Innovent Presents Groundbreaking Phase 2 Data on Efdamrofusp Alfa at ARVO 2025 Conference
Innovent's Phase 2 Data on Efdamrofusp Alfa at ARVO 2025
Innovent Biologics, Inc., a notable player in the biopharmaceutical industry, has recently made headlines by presenting the results of its Phase 2 clinical trial for Efdamrofusp Alfa (IBI302) at the prestigious ARVO 2025 Annual Meeting in Salt Lake City, Utah. This event brought together experts in vision and ophthalmology from around the world, offering a platform for sharing groundbreaking research and innovations. As a recombinant human vascular endothelial growth factor receptor (VEGFR) and human complement receptor 1 (CR1) bispecific fusion protein, Efdamrofusp Alfa aims to address the needs of patients suffering from neovascular age-related macular degeneration (nAMD).

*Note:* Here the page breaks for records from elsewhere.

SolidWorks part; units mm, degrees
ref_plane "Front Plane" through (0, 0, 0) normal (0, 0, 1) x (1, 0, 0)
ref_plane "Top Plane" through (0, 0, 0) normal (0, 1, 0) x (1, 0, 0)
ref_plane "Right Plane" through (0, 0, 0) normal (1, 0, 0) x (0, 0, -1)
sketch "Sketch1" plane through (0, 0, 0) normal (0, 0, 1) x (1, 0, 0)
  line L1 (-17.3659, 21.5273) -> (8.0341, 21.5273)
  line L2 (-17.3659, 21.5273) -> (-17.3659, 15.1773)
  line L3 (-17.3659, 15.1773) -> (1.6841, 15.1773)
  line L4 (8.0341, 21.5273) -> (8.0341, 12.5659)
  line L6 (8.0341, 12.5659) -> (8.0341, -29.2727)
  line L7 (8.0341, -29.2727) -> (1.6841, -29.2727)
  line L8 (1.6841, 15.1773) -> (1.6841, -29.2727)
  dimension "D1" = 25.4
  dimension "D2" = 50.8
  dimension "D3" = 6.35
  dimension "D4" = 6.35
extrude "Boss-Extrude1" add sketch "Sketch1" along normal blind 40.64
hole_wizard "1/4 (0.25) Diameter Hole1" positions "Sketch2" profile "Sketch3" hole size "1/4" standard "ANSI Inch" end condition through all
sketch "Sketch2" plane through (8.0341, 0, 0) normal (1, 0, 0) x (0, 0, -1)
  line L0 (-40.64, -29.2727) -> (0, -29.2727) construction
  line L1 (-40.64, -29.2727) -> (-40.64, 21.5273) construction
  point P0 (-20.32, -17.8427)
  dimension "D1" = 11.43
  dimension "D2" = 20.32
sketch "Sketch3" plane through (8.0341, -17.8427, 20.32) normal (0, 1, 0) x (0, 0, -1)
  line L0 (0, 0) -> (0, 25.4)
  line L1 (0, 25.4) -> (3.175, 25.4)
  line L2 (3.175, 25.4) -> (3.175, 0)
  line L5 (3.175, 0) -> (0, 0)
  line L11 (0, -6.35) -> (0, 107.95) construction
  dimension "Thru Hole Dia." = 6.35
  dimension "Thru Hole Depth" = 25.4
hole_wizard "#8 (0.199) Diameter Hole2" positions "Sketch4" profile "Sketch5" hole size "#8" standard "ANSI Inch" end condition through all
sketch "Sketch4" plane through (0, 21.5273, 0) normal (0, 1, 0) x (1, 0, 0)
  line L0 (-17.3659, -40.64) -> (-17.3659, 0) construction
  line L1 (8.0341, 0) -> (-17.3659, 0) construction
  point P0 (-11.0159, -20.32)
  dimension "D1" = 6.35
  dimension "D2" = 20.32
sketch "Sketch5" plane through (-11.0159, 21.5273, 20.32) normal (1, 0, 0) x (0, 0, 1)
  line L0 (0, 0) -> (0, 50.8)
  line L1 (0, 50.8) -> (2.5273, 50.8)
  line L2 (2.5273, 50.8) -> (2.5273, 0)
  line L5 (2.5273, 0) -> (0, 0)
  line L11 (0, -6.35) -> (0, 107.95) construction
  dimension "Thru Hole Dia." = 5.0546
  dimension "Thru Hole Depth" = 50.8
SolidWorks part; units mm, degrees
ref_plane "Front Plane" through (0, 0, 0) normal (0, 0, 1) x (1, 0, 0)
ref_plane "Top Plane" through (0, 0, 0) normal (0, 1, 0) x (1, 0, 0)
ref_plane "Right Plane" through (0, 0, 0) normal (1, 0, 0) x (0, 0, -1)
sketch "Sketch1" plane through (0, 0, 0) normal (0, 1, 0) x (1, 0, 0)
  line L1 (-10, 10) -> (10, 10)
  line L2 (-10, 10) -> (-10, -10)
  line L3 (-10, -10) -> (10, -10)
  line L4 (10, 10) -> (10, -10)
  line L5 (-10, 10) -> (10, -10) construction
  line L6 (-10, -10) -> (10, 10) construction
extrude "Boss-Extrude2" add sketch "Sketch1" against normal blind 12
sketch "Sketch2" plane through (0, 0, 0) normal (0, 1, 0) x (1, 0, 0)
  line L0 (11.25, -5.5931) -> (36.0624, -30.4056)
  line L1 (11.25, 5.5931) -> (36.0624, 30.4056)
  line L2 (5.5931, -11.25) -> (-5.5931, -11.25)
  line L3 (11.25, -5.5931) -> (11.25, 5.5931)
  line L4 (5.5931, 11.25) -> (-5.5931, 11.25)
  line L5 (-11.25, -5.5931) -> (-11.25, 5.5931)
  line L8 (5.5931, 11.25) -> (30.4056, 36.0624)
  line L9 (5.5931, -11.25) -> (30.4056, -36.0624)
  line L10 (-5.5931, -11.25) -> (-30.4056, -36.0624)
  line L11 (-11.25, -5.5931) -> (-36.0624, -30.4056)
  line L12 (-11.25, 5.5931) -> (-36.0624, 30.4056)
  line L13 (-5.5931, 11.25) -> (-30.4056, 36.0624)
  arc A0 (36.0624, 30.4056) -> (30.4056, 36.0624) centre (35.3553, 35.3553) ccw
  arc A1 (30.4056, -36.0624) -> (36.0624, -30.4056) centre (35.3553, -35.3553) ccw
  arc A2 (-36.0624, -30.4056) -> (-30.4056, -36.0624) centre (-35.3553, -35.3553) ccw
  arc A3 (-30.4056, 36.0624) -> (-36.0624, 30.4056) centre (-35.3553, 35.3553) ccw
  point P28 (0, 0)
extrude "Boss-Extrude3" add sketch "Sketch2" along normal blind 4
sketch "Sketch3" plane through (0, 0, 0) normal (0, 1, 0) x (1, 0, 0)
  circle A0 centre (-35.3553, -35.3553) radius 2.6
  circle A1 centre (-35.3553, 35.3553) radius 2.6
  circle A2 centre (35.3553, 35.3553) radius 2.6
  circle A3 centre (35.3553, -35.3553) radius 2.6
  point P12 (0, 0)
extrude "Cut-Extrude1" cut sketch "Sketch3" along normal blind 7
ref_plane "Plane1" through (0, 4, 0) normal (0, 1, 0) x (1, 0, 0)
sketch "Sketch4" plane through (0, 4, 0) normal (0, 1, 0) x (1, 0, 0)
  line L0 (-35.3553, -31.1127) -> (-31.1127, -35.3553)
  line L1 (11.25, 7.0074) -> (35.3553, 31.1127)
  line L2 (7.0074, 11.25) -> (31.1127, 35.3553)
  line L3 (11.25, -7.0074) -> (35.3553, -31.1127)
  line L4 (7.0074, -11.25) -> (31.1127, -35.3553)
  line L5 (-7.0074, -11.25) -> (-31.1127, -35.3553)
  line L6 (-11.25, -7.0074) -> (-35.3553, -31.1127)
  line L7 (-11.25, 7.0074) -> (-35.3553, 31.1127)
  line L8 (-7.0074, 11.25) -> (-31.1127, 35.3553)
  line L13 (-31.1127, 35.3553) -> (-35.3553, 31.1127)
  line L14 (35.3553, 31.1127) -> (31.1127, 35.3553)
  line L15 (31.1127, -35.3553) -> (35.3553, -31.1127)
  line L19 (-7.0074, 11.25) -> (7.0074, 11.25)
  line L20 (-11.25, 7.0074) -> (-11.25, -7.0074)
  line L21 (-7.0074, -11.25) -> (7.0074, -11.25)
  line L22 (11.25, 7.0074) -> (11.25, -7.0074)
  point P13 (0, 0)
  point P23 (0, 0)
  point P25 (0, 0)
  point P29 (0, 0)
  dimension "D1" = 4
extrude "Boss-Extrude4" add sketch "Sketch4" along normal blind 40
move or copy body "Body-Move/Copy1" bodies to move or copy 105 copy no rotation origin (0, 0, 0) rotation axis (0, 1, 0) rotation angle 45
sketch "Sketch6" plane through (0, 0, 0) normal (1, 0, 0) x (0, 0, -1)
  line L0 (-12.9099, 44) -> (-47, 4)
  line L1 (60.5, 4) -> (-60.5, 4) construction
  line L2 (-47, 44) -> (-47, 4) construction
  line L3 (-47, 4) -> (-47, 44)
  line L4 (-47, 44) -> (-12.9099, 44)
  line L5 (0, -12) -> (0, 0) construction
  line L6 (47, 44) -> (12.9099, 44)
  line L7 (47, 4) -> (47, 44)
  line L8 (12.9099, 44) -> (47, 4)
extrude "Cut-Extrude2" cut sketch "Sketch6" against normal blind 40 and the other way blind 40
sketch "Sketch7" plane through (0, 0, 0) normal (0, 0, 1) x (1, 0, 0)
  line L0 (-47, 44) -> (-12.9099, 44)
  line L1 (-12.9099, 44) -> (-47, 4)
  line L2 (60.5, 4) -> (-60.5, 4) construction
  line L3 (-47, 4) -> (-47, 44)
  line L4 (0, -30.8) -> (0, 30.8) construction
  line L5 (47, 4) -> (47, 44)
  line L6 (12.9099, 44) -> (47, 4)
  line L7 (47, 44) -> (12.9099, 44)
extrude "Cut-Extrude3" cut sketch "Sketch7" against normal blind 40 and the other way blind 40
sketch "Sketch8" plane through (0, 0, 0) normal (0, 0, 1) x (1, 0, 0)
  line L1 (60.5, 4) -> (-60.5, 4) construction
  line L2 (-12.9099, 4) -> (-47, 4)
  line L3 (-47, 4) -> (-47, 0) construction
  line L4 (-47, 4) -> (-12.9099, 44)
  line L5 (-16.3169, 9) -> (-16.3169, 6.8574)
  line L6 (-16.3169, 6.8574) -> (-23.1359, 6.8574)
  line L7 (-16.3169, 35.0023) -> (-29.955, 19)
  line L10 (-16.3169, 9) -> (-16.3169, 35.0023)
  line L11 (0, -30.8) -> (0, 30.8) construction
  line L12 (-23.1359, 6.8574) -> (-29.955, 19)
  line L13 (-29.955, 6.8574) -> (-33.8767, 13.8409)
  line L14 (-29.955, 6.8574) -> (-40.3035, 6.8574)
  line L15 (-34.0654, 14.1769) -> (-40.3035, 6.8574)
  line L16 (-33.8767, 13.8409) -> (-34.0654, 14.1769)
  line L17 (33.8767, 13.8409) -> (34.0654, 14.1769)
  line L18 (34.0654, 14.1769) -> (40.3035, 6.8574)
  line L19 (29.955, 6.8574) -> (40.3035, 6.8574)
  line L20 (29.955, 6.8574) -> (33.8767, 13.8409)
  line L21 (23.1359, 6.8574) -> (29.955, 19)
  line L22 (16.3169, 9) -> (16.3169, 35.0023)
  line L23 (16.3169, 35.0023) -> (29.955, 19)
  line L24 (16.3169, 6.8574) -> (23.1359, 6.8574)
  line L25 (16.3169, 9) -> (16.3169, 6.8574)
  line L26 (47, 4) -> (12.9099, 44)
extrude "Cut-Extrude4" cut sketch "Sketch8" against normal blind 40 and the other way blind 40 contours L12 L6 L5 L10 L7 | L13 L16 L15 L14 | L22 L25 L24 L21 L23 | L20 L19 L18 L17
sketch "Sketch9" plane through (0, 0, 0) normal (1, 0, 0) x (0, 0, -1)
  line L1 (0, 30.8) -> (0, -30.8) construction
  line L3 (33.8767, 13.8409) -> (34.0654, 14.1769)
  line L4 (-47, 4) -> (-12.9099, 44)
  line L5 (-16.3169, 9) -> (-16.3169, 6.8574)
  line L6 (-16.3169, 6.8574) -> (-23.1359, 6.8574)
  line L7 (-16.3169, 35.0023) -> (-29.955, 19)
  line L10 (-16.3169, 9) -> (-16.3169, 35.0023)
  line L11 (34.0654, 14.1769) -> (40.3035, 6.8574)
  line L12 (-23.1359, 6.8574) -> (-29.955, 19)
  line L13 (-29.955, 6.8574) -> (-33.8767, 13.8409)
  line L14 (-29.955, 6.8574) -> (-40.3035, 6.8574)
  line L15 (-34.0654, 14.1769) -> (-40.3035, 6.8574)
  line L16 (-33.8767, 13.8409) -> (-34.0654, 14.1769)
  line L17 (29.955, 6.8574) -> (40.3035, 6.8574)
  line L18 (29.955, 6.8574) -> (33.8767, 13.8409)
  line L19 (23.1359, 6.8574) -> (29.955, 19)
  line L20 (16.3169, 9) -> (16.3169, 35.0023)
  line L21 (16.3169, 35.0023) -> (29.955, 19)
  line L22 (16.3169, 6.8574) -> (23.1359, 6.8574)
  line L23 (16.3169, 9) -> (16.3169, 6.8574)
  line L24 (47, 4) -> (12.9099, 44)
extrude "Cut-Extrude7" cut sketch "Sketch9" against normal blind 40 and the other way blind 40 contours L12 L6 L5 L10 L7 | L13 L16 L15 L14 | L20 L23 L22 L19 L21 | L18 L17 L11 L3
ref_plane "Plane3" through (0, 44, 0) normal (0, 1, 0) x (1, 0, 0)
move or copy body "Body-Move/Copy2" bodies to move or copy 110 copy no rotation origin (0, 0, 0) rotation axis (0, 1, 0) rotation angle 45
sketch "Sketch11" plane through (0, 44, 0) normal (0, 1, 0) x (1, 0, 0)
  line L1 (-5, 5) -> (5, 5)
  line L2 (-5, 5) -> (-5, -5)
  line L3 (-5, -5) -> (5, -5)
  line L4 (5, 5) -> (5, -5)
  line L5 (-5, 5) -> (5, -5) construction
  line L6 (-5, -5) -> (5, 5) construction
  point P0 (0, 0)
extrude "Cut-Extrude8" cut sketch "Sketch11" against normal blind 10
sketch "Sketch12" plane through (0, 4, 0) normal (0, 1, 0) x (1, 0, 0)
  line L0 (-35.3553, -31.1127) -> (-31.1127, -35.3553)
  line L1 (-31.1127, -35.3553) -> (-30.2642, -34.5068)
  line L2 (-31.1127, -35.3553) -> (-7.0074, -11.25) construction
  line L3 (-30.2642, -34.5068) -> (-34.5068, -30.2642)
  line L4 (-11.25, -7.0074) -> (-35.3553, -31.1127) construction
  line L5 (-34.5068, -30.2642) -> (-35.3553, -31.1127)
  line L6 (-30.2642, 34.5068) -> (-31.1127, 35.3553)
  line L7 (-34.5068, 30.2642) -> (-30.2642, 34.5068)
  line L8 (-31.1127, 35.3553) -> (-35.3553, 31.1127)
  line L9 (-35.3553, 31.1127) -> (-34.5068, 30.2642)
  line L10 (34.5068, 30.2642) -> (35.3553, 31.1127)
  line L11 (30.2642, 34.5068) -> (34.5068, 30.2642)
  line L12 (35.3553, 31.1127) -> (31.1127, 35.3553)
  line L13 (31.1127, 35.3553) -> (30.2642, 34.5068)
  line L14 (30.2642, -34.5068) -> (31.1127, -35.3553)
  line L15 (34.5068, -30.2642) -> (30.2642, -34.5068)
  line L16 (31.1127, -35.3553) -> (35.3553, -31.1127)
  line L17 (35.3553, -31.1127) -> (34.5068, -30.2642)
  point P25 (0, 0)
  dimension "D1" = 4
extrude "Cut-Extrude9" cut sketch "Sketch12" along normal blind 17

Scheduled from May 4 to May 8, 2025, the ARVO meeting is a key gathering for researchers and healthcare professionals seeking to improve patient outcomes through science. Innovent's oral presentation, led by Professor Xiaodong Sun from Shanghai General Hospital, offered significant insights into the performance of Efdamrofusp Alfa over a treatment period of one year.
Key Findings from the Phase 2 Trial
The study involved a total of 132 subjects with nAMD, divided into three groups receiving either 6.4 mg or 8.0 mg of IBI302, or the standard of care, Aflibercept at 2.0 mg. The primary objective was to measure the change in best corrected visual acuity (BCVA) from the baseline to week 40 of treatment. Both IBI302 dosing groups showed competitive results compared to Aflibercept, with BCVA improvements of +10.5 and +11.0 letters, respectively, demonstrating no significant difference between the treatments.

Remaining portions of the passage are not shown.